» **REQUIREMENT**:
Report back every line in the data that includes the string "rotate".

= Beginning of Section =

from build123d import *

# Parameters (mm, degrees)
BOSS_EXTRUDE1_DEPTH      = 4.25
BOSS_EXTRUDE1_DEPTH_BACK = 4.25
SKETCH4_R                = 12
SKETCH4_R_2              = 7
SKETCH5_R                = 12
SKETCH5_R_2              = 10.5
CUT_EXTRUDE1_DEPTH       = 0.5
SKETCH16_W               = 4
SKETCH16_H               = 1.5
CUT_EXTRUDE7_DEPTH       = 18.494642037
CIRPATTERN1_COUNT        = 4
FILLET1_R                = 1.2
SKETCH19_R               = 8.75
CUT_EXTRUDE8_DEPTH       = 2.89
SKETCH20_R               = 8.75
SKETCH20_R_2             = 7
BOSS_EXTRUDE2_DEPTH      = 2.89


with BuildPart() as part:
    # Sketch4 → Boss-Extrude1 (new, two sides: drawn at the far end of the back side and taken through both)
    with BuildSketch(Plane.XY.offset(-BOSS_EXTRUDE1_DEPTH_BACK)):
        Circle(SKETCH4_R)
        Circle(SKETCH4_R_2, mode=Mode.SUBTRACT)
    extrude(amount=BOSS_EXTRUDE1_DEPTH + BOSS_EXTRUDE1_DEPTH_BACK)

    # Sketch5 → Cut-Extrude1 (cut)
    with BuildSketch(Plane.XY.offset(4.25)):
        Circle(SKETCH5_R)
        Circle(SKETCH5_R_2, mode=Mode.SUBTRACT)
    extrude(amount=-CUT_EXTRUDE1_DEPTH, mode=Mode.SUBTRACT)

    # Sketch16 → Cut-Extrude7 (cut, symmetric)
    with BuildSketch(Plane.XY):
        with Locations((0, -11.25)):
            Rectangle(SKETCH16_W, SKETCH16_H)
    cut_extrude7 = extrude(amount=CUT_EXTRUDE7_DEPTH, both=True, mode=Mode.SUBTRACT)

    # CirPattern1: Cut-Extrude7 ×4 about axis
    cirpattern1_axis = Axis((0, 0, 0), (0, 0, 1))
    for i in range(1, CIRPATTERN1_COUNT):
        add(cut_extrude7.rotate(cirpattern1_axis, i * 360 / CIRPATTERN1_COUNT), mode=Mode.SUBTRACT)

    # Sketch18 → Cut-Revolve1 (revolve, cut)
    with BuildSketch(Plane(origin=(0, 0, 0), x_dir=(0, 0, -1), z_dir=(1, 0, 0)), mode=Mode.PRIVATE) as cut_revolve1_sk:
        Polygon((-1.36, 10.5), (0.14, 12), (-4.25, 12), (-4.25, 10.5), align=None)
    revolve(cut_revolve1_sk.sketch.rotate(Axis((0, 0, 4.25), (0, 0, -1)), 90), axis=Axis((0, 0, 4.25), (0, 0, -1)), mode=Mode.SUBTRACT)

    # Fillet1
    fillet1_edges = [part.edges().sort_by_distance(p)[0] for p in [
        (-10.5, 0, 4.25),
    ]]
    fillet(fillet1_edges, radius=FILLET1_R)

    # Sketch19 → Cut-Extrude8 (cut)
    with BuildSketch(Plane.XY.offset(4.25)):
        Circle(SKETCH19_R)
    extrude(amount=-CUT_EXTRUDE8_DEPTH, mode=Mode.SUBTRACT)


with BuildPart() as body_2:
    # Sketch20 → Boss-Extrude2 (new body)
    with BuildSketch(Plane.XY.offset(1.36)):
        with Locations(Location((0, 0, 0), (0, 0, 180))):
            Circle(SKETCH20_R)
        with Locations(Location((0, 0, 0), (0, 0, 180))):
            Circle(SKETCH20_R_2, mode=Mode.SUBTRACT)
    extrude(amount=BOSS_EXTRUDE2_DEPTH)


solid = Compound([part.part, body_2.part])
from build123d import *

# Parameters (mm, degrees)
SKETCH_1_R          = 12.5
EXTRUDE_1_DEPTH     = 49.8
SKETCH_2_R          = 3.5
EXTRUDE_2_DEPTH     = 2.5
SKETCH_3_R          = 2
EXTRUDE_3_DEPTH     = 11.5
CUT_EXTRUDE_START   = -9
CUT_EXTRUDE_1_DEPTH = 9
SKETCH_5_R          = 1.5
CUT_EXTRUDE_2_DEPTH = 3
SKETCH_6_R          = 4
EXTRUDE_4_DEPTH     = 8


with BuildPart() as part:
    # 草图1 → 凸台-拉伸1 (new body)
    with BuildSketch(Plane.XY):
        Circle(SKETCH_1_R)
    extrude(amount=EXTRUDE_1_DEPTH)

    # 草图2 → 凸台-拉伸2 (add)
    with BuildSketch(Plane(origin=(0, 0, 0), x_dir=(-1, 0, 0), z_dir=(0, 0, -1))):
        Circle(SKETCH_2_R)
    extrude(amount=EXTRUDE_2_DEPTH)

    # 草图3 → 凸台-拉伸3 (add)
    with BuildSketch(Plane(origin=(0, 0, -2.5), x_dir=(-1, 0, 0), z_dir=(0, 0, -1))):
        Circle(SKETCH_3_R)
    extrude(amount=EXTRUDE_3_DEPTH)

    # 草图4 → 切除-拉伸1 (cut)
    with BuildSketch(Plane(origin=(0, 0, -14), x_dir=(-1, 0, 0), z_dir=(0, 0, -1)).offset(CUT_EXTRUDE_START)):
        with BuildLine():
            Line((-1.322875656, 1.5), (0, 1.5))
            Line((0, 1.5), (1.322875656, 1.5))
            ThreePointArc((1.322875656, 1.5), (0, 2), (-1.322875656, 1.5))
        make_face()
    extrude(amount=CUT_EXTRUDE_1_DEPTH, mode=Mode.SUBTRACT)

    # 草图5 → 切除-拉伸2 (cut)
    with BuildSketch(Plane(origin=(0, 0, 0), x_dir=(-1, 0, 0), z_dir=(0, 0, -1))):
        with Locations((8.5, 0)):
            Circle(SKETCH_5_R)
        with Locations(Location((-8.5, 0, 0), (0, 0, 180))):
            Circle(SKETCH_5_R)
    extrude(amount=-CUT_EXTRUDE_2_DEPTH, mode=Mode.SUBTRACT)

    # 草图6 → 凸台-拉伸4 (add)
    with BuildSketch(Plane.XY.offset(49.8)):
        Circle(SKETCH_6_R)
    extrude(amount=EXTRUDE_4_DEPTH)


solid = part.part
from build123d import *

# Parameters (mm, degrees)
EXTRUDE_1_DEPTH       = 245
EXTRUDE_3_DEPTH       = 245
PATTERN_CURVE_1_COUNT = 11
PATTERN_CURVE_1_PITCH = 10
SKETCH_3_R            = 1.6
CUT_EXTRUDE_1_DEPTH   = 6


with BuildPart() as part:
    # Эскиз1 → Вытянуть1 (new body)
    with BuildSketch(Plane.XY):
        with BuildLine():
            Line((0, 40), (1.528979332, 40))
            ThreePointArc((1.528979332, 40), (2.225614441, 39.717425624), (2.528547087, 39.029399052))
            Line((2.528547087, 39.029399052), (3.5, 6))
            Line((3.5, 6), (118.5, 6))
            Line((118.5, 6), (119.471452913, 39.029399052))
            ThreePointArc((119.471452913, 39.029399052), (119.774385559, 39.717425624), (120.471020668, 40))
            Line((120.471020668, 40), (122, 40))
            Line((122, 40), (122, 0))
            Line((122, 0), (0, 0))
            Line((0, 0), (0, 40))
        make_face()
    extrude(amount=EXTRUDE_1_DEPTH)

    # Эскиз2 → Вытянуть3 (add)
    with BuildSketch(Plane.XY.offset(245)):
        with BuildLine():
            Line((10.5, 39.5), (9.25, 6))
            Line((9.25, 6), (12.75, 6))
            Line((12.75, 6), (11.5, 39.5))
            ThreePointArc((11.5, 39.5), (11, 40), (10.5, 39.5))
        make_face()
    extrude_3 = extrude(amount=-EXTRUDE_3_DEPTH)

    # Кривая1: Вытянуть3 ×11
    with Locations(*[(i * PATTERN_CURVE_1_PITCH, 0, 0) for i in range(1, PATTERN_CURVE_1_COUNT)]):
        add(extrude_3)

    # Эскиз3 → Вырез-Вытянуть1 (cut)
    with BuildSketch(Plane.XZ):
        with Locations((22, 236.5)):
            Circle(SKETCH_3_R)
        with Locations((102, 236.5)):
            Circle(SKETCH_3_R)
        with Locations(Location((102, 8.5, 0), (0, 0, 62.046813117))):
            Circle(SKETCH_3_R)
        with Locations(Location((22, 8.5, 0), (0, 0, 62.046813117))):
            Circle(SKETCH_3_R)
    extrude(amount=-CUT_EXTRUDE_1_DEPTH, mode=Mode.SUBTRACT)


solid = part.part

= End of Section =

» **EXERCISE RESULT**:
        add(cut_extrude7.rotate(cirpattern1_axis, i * 360 / CIRPATTERN1_COUNT), mode=Mode.SUBTRACT)
    revolve(cut_revolve1_sk.sketch.rotate(Axis((0, 0, 4.25), (0, 0, -1)), 90), axis=Axis((0, 0, 4.25), (0, 0, -1)), mode=Mode.SUBTRACT)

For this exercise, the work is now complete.